Congress this week could begin considering an anti-snooping measure that would end the government's dragnet collection of telephone call data.
The House will also take on the growing mismanagement scandal at the Department of Veterans Affairs with legislation that would make it easier to fire top executives for poor performance.
House Majority Leader Eric Cantor, R-Va., has tentatively placed the “USA Freedom Act” on the floor schedule for a time later in the week.
The bill is all but guaranteed to bring to the floor a heated debate on the nation's privacy rights when it comes to electronic surveillance by the government's National Security Agency as it tries to monitor warning signs for terrorism.
The USA Freedom Act is sponsored by Rep. James Sensenbrenner, a chief architect of the original Patriot Act, which is the law that enabled the stepped-up government data collection by the NSA following the Sept. 11, 2001, terrorist attacks.
The Wisconsin Republican has become a leading critic of the NSA’s data collection and believes it overreaches the law he helped author.

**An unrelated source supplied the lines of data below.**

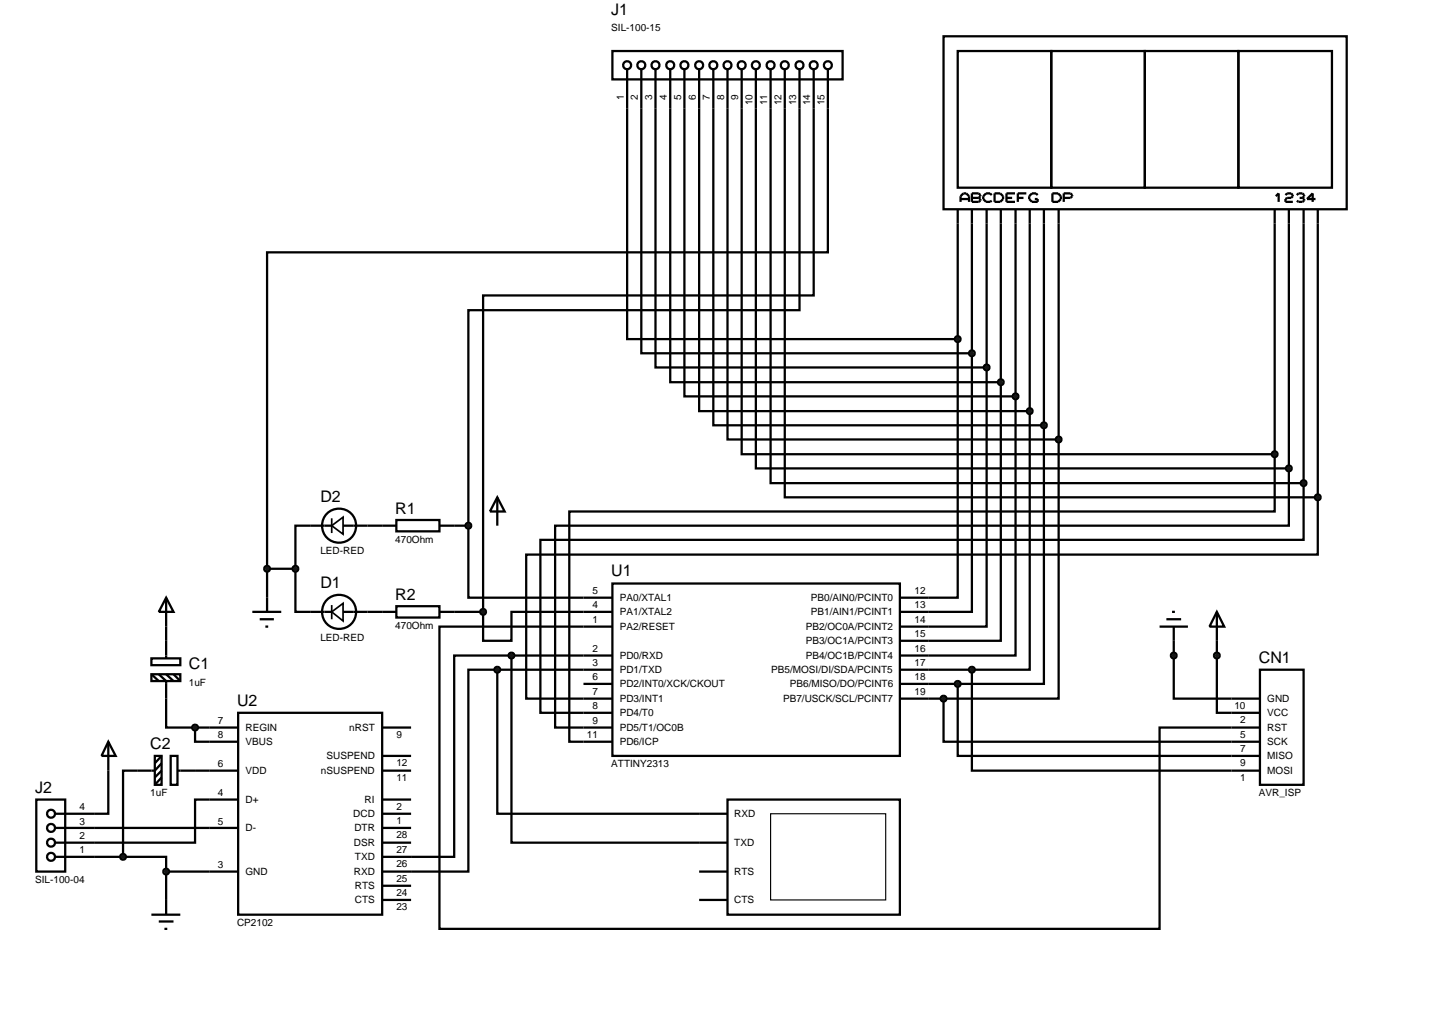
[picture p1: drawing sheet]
<svg xmlns="http://www.w3.org/2000/svg" width="257mm" height="180mm" viewBox="0 0 257 180" stroke-linecap="round" stroke-linejoin="round" font-family="sans-serif">
<g fill="none" stroke="#000" stroke-width=".4">
<path d="M110.6 19.1v40.7h58.3M113.1 19.1v43.2h58.3M115.6 19.1v45.7h58.4M118.2 19.1v48.3h58.3M120.7 19.1v50.8h58.4M123.3 19.1v53.4h58.3M125.8 19.1v55.9h58.3M128.3 19.1v58.4h58.4M130.8 19.1v61h94M133.3 19.1v63.5h94M135.9 19.1v66.1h94M138.4 19.1v68.6h94"/>
<path d="M141 19.1v35.6h-58.4v38M143.5 19.1v33h-58.3v55.8M146 19.1v25.4h-98.9v55.8M168.9 39.4v20.4M171.4 39.4v22.9M174 39.4v25.4M176.5 39.4v28M179.1 39.4v30.5M181.6 39.4v33.1M184.1 39.4v35.6M186.7 39.4v38.1M224.8 39.4v40.7"/>
<path d="M227.3 39.4v43.2M229.9 39.4v45.8M232.4 39.4v48.3M168.9 59.8v45.6h-10.2M171.4 62.3v45.6h-12.7M174 64.8v45.7h-15.3M176.5 67.4v45.6h-17.8M179.1 69.9v45.7h-20.4M181.6 72.5v45.6h-10.2M184.1 75v45.6h-15.2M186.7 77.5v45.7h-20.3M58.5 92.7h-6.4v7.6"/>
<path d="M60.5 92.7h6.9M80.1 92.7h2.5M82.6 92.7v12.7h25.4M224.8 80.1v10.1h-124.4v40.6h7.6M227.3 82.6v10.1h-129.4v35.6h10.1M229.9 85.2v10h-134.6v30.5h12.7M232.4 87.7v10.1h-139.6v25.4h15.2M29.3 110.5v2.5M44.5 107.9h5.1M45.8 109.2h2.5M46.8 110.5h.5M47.1 100.3h5"/>
<path d="M47.1 100.3v7.6M52.1 100.3v7.6h6.4M60.5 107.9h6.9M80.1 107.9h5.1M85.2 107.9v5.1h5v-5.1h17.8M87.7 118.1v25.4h35.6M87.7 118.1h-5.1v35.6h-10.1M87.7 118.1h20.3M90.2 115.6v33h33.1M90.2 115.6h-10.1v35.5h-7.6M90.2 115.6h17.8M108 102.9h50.7v30.4h-50.7z"/>
<path d="M108 110.5h-30.5v53.3h127v-35.5h12.7M158.7 118.1h12.7M171.4 118.1v17.8h45.8M207 113v10.2h10.2M214.6 113v12.7h2.6M19.1 135.9v7.6h-2.5M24.2 135.9h-2.5v15.2M29.3 123.2v5.1h5.1M34.4 128.3v2.5h2.5M34.4 128.3h2.5M34.4 135.9h2.5M102.9 120.6h5.1"/>
<path d="M158.7 123.2h7.7M158.7 120.6h10.2M166.4 123.2v7.6h50.8M168.9 120.6v12.7h48.3M16.6 146h20.3M16.6 151.1h5.1M21.7 151.1h7.6v2.6M29.3 153.7v5M29.3 153.7h7.6M36.9 141h-2.5v7.6h-17.8"/>
<circle cx="59.8" cy="92.7" r="3"/>
<circle cx="59.8" cy="107.9" r="3"/>
</g>
<path d="M58.5 92.7l2-1.5v3zM58.5 91.4v2.6M58.5 107.9l2-1.5v3.1zM58.5 106.7v2.5" fill="none" stroke="#000" stroke-width=".3"/>
<path d="M51.7 100l.4-.2-.5 .5zM52.1 99.8l.4 .2 .1 .3zM52.1 100.8l.5-.5-.2 .4zM51.6 100.3l.5 .5-.4-.2z" fill="#004000" stroke="#000" stroke-width=".4"/>
<path d="M52.1 99.8l.5 .5-.5 .5-.5-.5z" fill="#004000"/>
<g fill="none" stroke="#000" stroke-width=".4">
<path d="M108 9h40.6v5h-40.6zM110.6 12.3v6.8M113.1 12.3v6.8M115.6 12.3v6.8M118.2 12.3v6.8M120.7 12.3v6.8M123.3 12.3v6.8M125.8 12.3v6.8M128.3 12.3v6.8M130.8 12.3v6.8M133.3 12.3v6.8M135.9 12.3v6.8"/>
<path d="M138.4 12.3v6.8M141 12.3v6.8M143.5 12.3v6.8M146 12.3v6.8M67.4 92.7h2.5M69.9 91.7h7.6v2h-7.6zM77.5 92.7h2.6M87.7 87.7l1.3 2.5h-2.6zM87.7 87.7v5M67.4 107.9h2.5M69.9 106.9h7.6v2h-7.6zM77.5 107.9h2.6"/>
<path d="M123.3 143.5h5M123.3 153.7h5M123.3 148.6h5M123.3 158.7h5M128.3 141h30.4v20.3h-30.4z"/>
<circle cx="110.6" cy="11.5" r=".7"/>
<circle cx="113.1" cy="11.5" r=".7"/>
<circle cx="115.6" cy="11.5" r=".7"/>
<circle cx="118.2" cy="11.5" r=".7"/>
<circle cx="120.7" cy="11.5" r=".7"/>
<circle cx="123.3" cy="11.5" r=".7"/>
<circle cx="125.8" cy="11.5" r=".7"/>
<circle cx="128.3" cy="11.5" r=".7"/>
<circle cx="130.8" cy="11.5" r=".7"/>
<circle cx="133.3" cy="11.5" r=".7"/>
<circle cx="135.9" cy="11.5" r=".7"/>
<circle cx="138.4" cy="11.5" r=".7"/>
<circle cx="141" cy="11.5" r=".7"/>
<circle cx="143.5" cy="11.5" r=".7"/>
<circle cx="146" cy="11.5" r=".7"/>
</g>
<path d="M135.9 143.5h20.3v15.2h-20.3z" fill="none" stroke="#000" stroke-width=".2"/>
<g fill="#004000" stroke="#000" stroke-width=".4">
<path d="M46.7 100l.4-.2-.5 .5zM47.1 99.8l.4 .2 .1 .3zM47.1 100.8l.5-.5-.2 .4zM46.6 100.3l.5 .5-.3-.1z"/>
<path d="M82.3 92.3l.3-.1-.5 .5zM82.6 92.2l.4 .2 .1 .3zM83.1 92.7l-.1 .3-.4 .2zM82.1 92.7l.5 .5-.3-.1z"/>
<path d="M84.8 107.6l.4-.2-.5 .5zM85.2 107.4l.4 .2 .1 .3zM85.7 107.9l-.1 .3-.4 .2zM84.7 107.9l.5 .5-.3-.1z"/>
</g>
<g fill="#004000">
<path d="M46.6 100.3l.5-.5 .5 .5-.5 .5z"/>
<path d="M82.1 92.7l.5-.5 .5 .5-.5 .5z"/>
<path d="M84.7 107.9l.5-.5 .5 .5-.5 .5z"/>
</g>
<g fill="none" stroke="#000" stroke-width=".4">
<path d="M36.9 128.3h5.1M36.9 130.8h5.1M36.9 135.9h5.1M42 125.7h25.4v35.6h-25.4zM67.4 128.3h5.1M67.4 135.9h5.1M67.4 133.3h5.1M36.9 141h5.1M36.9 146h5.1M36.9 153.7h5.1M67.4 141h5.1M67.4 146h5.1"/>
<path d="M67.4 153.7h5.1M67.4 143.5h5.1M67.4 148.6h5.1M67.4 151.1h5.1M67.4 156.2h5.1M67.4 158.7h5.1"/>
</g>
<g fill="#004000" stroke="#000" stroke-width=".4">
<path d="M89.9 115.2l.3-.1-.5 .5zM90.2 115.1l.3 .1 .2 .4zM90.7 115.6l-.2 .4-.3 .1zM89.7 115.6l.5 .5-.3-.1z"/>
<path d="M87.4 117.7l.3-.1-.5 .5zM87.7 117.6l.4 .2 .1 .3zM87.7 118.6l.5-.5-.2 .4zM87.2 118.1l.5 .5-.3-.1z"/>
</g>
<g fill="#004000">
<path d="M90.2 115.1l.5 .5-.5 .5-.5-.5z"/>
<path d="M87.7 117.6l.5 .5-.5 .5-.5-.5z"/>
</g>
<g fill="none" stroke="#000" stroke-width=".4">
<path d="M29.3 105.4l1.3 2.5h-2.6zM29.3 105.4v5.1M6.4 141h5.1v12.7h-5.1zM9.7 151.1h6.9M9.7 148.6h6.9M9.7 146h6.9M9.7 143.5h6.9M29.3 158.7v2.6M26.7 161.3h5.1M28 162.5h2.6M29 163.8h.5"/>
<circle cx="9" cy="148.6" r=".7"/>
<circle cx="9" cy="143.5" r=".7"/>
<circle cx="9" cy="146" r=".7"/>
<circle cx="9" cy="151.1" r=".7"/>
</g>
<g fill="#004000" stroke="#000" stroke-width=".4">
<path d="M28.9 153.4l.4-.2-.5 .5zM29.3 153.2l.3 .1 .2 .4zM29.8 153.7l-.2 .4-.3 .1zM28.8 153.7l.5 .5-.3-.1z"/>
<path d="M34 128l.4-.2-.5 .5zM34.4 127.8l.4 .2 .1 .3zM34.4 128.8l.5-.5-.2 .4zM33.9 128.3l.5 .5-.3-.1z"/>
</g>
<g fill="#004000">
<path d="M28.8 153.7l.5-.5 .5 .5-.5 .5z"/>
<path d="M33.9 128.3l.5-.5 .5 .5-.5 .5z"/>
</g>
<path d="M27.3 133.3h1.2v5.1h-1.2zM28.5 134.6l-1.2 1.3h-3.1M28.5 137.1l-1.2 1.3M28.5 135.9l-1.2 1.2M28.5 133.3l-1.2 1.3M30.1 133.3h1.2v5.1h-1.2zM31.3 135.9h3.1" fill="none" stroke="#000" stroke-width=".4"/>
<path d="M21.3 150.8l.4-.2-.5 .5zM21.7 150.6l.4 .2 .1 .3zM22.2 151.1l-.2 .4-.3 .1zM21.2 151.1l.5 .5-.3-.1z" fill="#004000" stroke="#000" stroke-width=".4"/>
<path d="M21.2 151.1l.5-.5 .5 .5-.5 .5z" fill="#004000"/>
<g fill="none" stroke="#000" stroke-width=".4">
<path d="M26.7 116.1h5.1v1.2h-5.1zM26.7 118.9h5.1v1.2h-5.1zM26.7 118.9l1.3 1.2M28 118.9l1.3 1.2v3.1M29.3 113v3.1M29.3 118.9l1.3 1.2M30.6 118.9l1.2 1.2M204.5 110.5h5M205.7 109.2h2.6M206.7 107.9h.5M207 110.5v2.5M214.6 107.9l1.3 2.6h-2.6z"/>
<path d="M214.6 107.9v5.1M222.2 118.1h7.7v20.3h-7.7zM217.2 135.9h5M217.2 133.3h5M217.2 130.8h5M217.2 128.3h5M217.2 125.7h5M217.2 123.2h5"/>
</g>
<g fill="#004000" stroke="#000" stroke-width=".4">
<path d="M166.1 122.8l.3-.1-.5 .5zM166.4 122.7l.3 .1 .2 .4zM166.9 123.2l-.1 .3-.4 .2zM165.9 123.2l.5 .5-.4-.2z"/>
<path d="M168.5 120.3l.4-.2-.5 .5zM168.9 120.1l.3 .1 .2 .4zM169.4 120.6l-.1 .3-.4 .2zM168.4 120.6l.5 .5-.3-.1z"/>
<path d="M171.1 117.7l.3-.1-.5 .5zM171.4 117.6l.3 .1 .2 .4zM171.4 118.6l.5-.5-.2 .4zM170.9 118.1l.5 .5-.3-.1z"/>
</g>
<g fill="#004000">
<path d="M166.4 122.7l.5 .5-.5 .5-.5-.5z"/>
<path d="M168.4 120.6l.5-.5 .5 .5-.5 .5z"/>
<path d="M171.4 117.6l.5 .5-.5 .5-.5-.5z"/>
</g>
<path d="M19.1 130.8l1.3 2.5h-2.5zM19.1 130.8v5.1" fill="none" stroke="#000" stroke-width=".4"/>
<g fill="#004000" stroke="#000" stroke-width=".4">
<path d="M168.6 59.4l.3-.1-.5 .5zM168.9 59.3l.4 .2 .1 .3zM169.4 59.8l-.1 .3-.4 .2zM168.4 59.8l.5 .5-.3-.1z"/>
<path d="M171.1 61.9l.3-.1-.5 .5zM171.4 61.8l.3 .1 .2 .4zM171.9 62.3l-.1 .3-.4 .2zM170.9 62.3l.5 .5-.4-.2z"/>
<path d="M173.7 64.4l.3-.1-.5 .5zM174 64.3l.3 .1 .2 .4zM174 65.3l.5-.5-.2 .4zM173.5 64.8l.5 .5-.3-.1z"/>
<path d="M176.2 67l.3-.1-.5 .5zM176.5 66.9l.3 .1 .2 .4zM176.5 67.9l.5-.5-.1 .3zM176 67.4l.5 .5-.4-.2z"/>
<path d="M178.8 69.5l.3-.1-.5 .5zM179.1 69.4l.4 .2 .1 .3zM179.6 69.9l-.1 .3-.4 .2zM178.6 69.9l.5 .5-.4-.2z"/>
<path d="M181.3 72.1l.3-.1-.5 .5zM181.6 72l.4 .2 .1 .3zM181.6 73l.5-.5-.1 .3zM181.1 72.5l.5 .5-.3-.1z"/>
<path d="M183.7 74.7l.4-.2-.5 .5zM184.1 74.5l.3 .1 .2 .4zM184.1 75.5l.5-.5-.1 .3zM183.6 75l.5 .5-.4-.2z"/>
<path d="M186.3 77.2l.4-.2-.5 .5zM186.7 77l.3 .1 .2 .4zM186.7 78l.5-.5-.2 .4zM186.2 77.5l.5 .5-.4-.2z"/>
<path d="M224.4 79.8l.4-.2-.5 .5zM224.8 79.6l.3 .1 .2 .4zM224.8 80.6l.5-.5-.2 .4zM224.3 80.1l.5 .5-.4-.2z"/>
<path d="M227 82.2l.3-.1-.5 .5zM227.3 82.1l.4 .2 .1 .3zM227.8 82.6l-.1 .3-.4 .2zM226.8 82.6l.5 .5-.4-.2z"/>
<path d="M229.6 84.8l.3-.1-.5 .5zM229.9 84.7l.4 .2 .1 .3zM229.9 85.7l.5-.5-.1 .3zM229.4 85.2l.5 .5-.4-.2z"/>
<path d="M232 87.4l.4-.2-.5 .5zM232.4 87.2l.4 .2 .1 .3zM232.9 87.7l-.1 .3-.4 .2zM231.9 87.7l.5 .5-.4-.2z"/>
</g>
<g fill="#004000">
<path d="M168.4 59.8l.5-.5 .5 .5-.5 .5z"/>
<path d="M170.9 62.3l.5-.5 .5 .5-.5 .5z"/>
<path d="M173.5 64.8l.5-.5 .5 .5-.5 .5z"/>
<path d="M176 67.4l.5-.5 .5 .5-.5 .5z"/>
<path d="M179.1 69.4l.5 .5-.5 .5-.5-.5z"/>
<path d="M181.6 72l.5 .5-.5 .5-.5-.5z"/>
<path d="M184.1 74.5l.5 .5-.5 .5-.5-.5z"/>
<path d="M186.2 77.5l.5-.5 .5 .5-.5 .5z"/>
<path d="M224.3 80.1l.5-.5 .5 .5-.5 .5z"/>
<path d="M227.3 82.1l.5 .5-.5 .5-.5-.5z"/>
<path d="M229.9 84.7l.5 .5-.5 .5-.5-.5z"/>
<path d="M231.9 87.7l.5-.5 .5 .5-.5 .5z"/>
</g>
<g fill="none" stroke="#000" stroke-width=".4">
<path d="M166.4 6.4h71.1v30.5h-71.1zM168.9 9h16.5v24.1h-16.5zM185.4 9h16.5v24.1h-16.5zM201.9 9h16.5v24.1h-16.5zM218.4 9h16.5v24.1h-16.5zM168.9 36.9v2.5M169.4 35.6v-1l.5-.5h.5l.5 .5v1M169.4 35.1h1.5M171.4 34.1h1.2l.3 .3v.2l-.3 .3 .3 .2v.3l-.3 .2h-1.2zM171.4 36.9v2.5M171.4 34.9h1.2M174 36.9v2.5"/>
<path d="M174.9 34.4l-.3-.3h-.7l-.5 .5v.5l.5 .5h.7l.3-.2M175.4 34.1h1l.5 .5v.5l-.5 .5h-1zM176.5 36.9v2.5M177.5 34.9h1M179 34.1h-1.5v1.5h1.5M179.1 36.9v2.5M179.5 34.9h1M181 34.1h-1.5v1.5M181.6 36.9v2.5M183 34.4l-.3-.3h-.7l-.5 .5v.5l.5 .5h1v-.5h-.5M184.1 36.9v2.5M185.6 34.1h1l.5 .5v.5l-.5 .5h-1z"/>
<path d="M186.7 36.9v2.5M187.6 34.9h1.2l.3-.3v-.2l-.3-.3h-1.2v1.5M224.8 36.9v2.5M225 34.6l.5-.5v1.5M226.7 34.4l.3-.3h.7l.3 .3v.2l-.3 .3h-.7l-.3 .2v.5h1.3M227.3 36.9v2.5M228.7 34.4l.3-.3h.7l.3 .3v.2l-.3 .3M229.2 34.9h.5M229.7 34.9l.3 .2v.3l-.3 .2h-.7l-.3-.2M229.9 36.9v2.5M232 35.1h-1.5l1-1v1.5M232.4 36.9v2.5"/>
</g>
<g fill="#004000" stroke="#000" stroke-width=".4">
<path d="M214.3 115.2l.3-.1-.5 .5zM214.6 115.1l.4 .2 .1 .3zM215.1 115.6l-.1 .3-.4 .2zM214.1 115.6l.5 .5-.4-.2z"/>
<path d="M206.6 115.3l.4-.2-.5 .5zM207 115.1l.3 .1 .2 .4zM207 116.1l.5-.5-.2 .4zM206.5 115.6l.5 .5-.3-.1z"/>
</g>
<g fill="#004000">
<path d="M214.6 115.1l.5 .5-.5 .5-.5-.5z"/>
<path d="M206.5 115.6l.5-.5 .5 .5-.5 .5z"/>
</g>
<g font-size="2.8">
<text x="107.8" y="2.7">J1</text>
<text x="56.5" y="88.6">D2</text>
<text x="69.7" y="90.6">R1</text>
<text x="107.8" y="101.7">U1</text>
<text x="56.5" y="103.8">D1</text>
<text x="69.7" y="105.8">R2</text>
<text x="33.3" y="118.1">C1</text>
<text x="222" y="117">CN1</text>
<text x="41.8" y="124.6">U2</text>
<text x="26.5" y="132.2">C2</text>
<text x="6.2" y="139.8">J2</text>
</g>
<g font-size="1.8">
<text x="107.8" y="5.5">SIL-100-15</text>
<text x="110" y="17.6" transform="rotate(-90 110 17.6)">1</text>
<text x="112.5" y="17.6" transform="rotate(-90 112.5 17.6)">2</text>
<text x="115" y="17.6" transform="rotate(-90 115 17.6)">3</text>
<text x="117.6" y="17.6" transform="rotate(-90 117.6 17.6)">4</text>
<text x="120.1" y="17.6" transform="rotate(-90 120.1 17.6)">5</text>
<text x="122.7" y="17.6" transform="rotate(-90 122.7 17.6)">6</text>
<text x="125.2" y="17.6" transform="rotate(-90 125.2 17.6)">7</text>
<text x="127.7" y="17.6" transform="rotate(-90 127.7 17.6)">8</text>
<text x="130.2" y="17.6" transform="rotate(-90 130.2 17.6)">9</text>
<text x="132.7" y="18.6" transform="rotate(-90 132.7 18.6)">10</text>
<text x="135.3" y="18.6" transform="rotate(-90 135.3 18.6)">11</text>
<text x="137.8" y="18.6" transform="rotate(-90 137.8 18.6)">12</text>
<text x="140.4" y="18.6" transform="rotate(-90 140.4 18.6)">13</text>
<text x="142.9" y="18.6" transform="rotate(-90 142.9 18.6)">14</text>
<text x="145.4" y="18.6" transform="rotate(-90 145.4 18.6)">15</text>
<text x="69.7" y="95.7">470Ohm</text>
<text x="56.5" y="97.7">LED-RED</text>
<text x="104.5" y="107.3">4</text>
<text x="104.5" y="104.8">5</text>
<text x="109.3" y="106">PA0/XTAL1</text>
<text x="143" y="106">PB0/AIN0/PCINT0</text>
<text x="161.3" y="107.3">13</text>
<text x="161.3" y="104.8">12</text>
<text x="56.5" y="113">LED-RED</text>
<text x="69.7" y="110.9">470Ohm</text>
<text x="104.5" y="109.9">1</text>
<text x="109.3" y="111.1">PA2/RESET</text>
<text x="109.3" y="108.5">PA1/XTAL2</text>
<text x="142.1" y="113.6">PB3/OC1A/PCINT3</text>
<text x="142.1" y="111.1">PB2/OC0A/PCINT2</text>
<text x="143" y="108.5">PB1/AIN1/PCINT1</text>
<text x="161.3" y="112.4">15</text>
<text x="161.3" y="109.9">14</text>
<text x="104.5" y="115">2</text>
<text x="104.5" y="117.5">3</text>
<text x="104.5" y="120">6</text>
<text x="109.3" y="116.2">PD0/RXD</text>
<text x="109.3" y="118.7">PD1/TXD</text>
<text x="136" y="118.7">PB5/MOSI/DI/SDA/PCINT5</text>
<text x="142.1" y="116.2">PB4/OC1B/PCINT4</text>
<text x="161.3" y="117.5">17</text>
<text x="161.3" y="120">18</text>
<text x="161.3" y="115">16</text>
<text x="33.3" y="121">1uF</text>
<text x="104.5" y="125.1">8</text>
<text x="104.5" y="122.6">7</text>
<text x="109.3" y="123.8">PD3/INT1</text>
<text x="109.3" y="121.2">PD2/INT0/XCK/CKOUT</text>
<text x="138.1" y="123.8">PB7/USCK/SCL/PCINT7</text>
<text x="139.3" y="121.2">PB6/MISO/DO/PCINT6</text>
<text x="161.3" y="122.6">19</text>
<text x="217.7" y="125">10</text>
<text x="223.5" y="123.8">GND</text>
<text x="38.4" y="127.7">7</text>
<text x="38.4" y="130.2">8</text>
<text x="43.3" y="128.9">REGIN</text>
<text x="43.3" y="131.4">VBUS</text>
<text x="61.6" y="128.9">nRST</text>
<text x="69.9" y="130.1">9</text>
<text x="103.5" y="130.2">11</text>
<text x="104.5" y="127.7">9</text>
<text x="109.3" y="126.3">PD4/T0</text>
<text x="109.3" y="128.9">PD5/T1/OC0B</text>
<text x="109.3" y="131.4">PD6/ICP</text>
<text x="218.7" y="130.1">5</text>
<text x="218.7" y="127.5">2</text>
<text x="223.5" y="131.4">SCK</text>
<text x="223.5" y="128.9">RST</text>
<text x="223.5" y="126.3">VCC</text>
<text x="38.4" y="135.3">6</text>
<text x="43.3" y="136.5">VDD</text>
<text x="56.6" y="136.5">nSUSPEND</text>
<text x="57.6" y="133.9">SUSPEND</text>
<text x="69.9" y="135.1">12</text>
<text x="69.9" y="137.7">11</text>
<text x="107.8" y="135.3">ATTINY2313</text>
<text x="218.7" y="137.7">1</text>
<text x="218.7" y="135.1">9</text>
<text x="218.7" y="132.6">7</text>
<text x="223.5" y="136.5">MOSI</text>
<text x="223.5" y="133.9">MISO</text>
<text x="14" y="142.9">4</text>
<text x="26.5" y="140.4">1uF</text>
<text x="38.4" y="140.4">4</text>
<text x="43.3" y="141.6">D+</text>
<text x="64.3" y="141.6">RI</text>
<text x="69.9" y="142.8">2</text>
<text x="222" y="140.4">AVR_ISP</text>
<text x="14" y="148">2</text>
<text x="14" y="145.4">3</text>
<text x="38.4" y="145.4">5</text>
<text x="43.3" y="146.6">D-</text>
<text x="62.3" y="144.1">DCD</text>
<text x="62.4" y="149.2">DSR</text>
<text x="62.5" y="146.6">DTR</text>
<text x="69.9" y="145.3">1</text>
<text x="69.9" y="147.8">28</text>
<text x="129.5" y="144.1">RXD</text>
<text x="129.5" y="149.2">TXD</text>
<text x="6.2" y="155.7">SIL-100-04</text>
<text x="14" y="150.5">1</text>
<text x="38.4" y="153.1">3</text>
<text x="43.3" y="154.3">GND</text>
<text x="62.4" y="154.3">RXD</text>
<text x="62.6" y="151.7">TXD</text>
<text x="69.9" y="150.4">27</text>
<text x="69.9" y="152.9">26</text>
<text x="69.9" y="155.5">25</text>
<text x="129.5" y="154.3">RTS</text>
<text x="62.6" y="156.8">RTS</text>
<text x="62.6" y="159.3">CTS</text>
<text x="69.9" y="158">24</text>
<text x="69.9" y="160.5">23</text>
<text x="129.5" y="159.3">CTS</text>
<text x="41.8" y="163.3">CP2102</text>
</g>
</svg>

The USA Freedom Act would end the practice of bulk data collection of calls made in the United States and would also limit the practice of “reverse targeting” of foreign calls in order to gain access to American calls. It would also create a new oversight program aimed at preventing overly aggressive data collection by the NSA.
While the bill unanimously passed the House Judiciary Committee earlier this month, some critics believe the Sensenbrenner’s bill has been weakened. For instance, the legislation was amended to allow government officials to collect phone date from an individual who is separated by up to two degrees from a person with suspected terrorist connections. And the bill was stripped of a provision that would have required independent oversight of the Foreign Intelligence Surveillance Court, which approves warrants for data collection.
House lawmakers are likely to support the “Department of Veterans Affairs Management Accountability Act of 2014.”
The legislation was authored in response to reports that Veterans Affairs administrators were falsifying records to hide long waiting lists for veterans seeking medical care. But it also provides a way to allow the faulty employee to remain on the government payroll.
The bill would give the Secretary of the Department of Veterans Affairs authority to fire senior executives, “whose performance the Secretary believes warrants removal, from the government service completely or transfer them to a General Schedule position within the current civil service system.”
At a Senate hearing last week, lawmakers criticized VA Secretary Eric Shinseki for giving positive reviews and bonuses worth up to $63,000 to top VA officials who were connected with the mismanagement problems.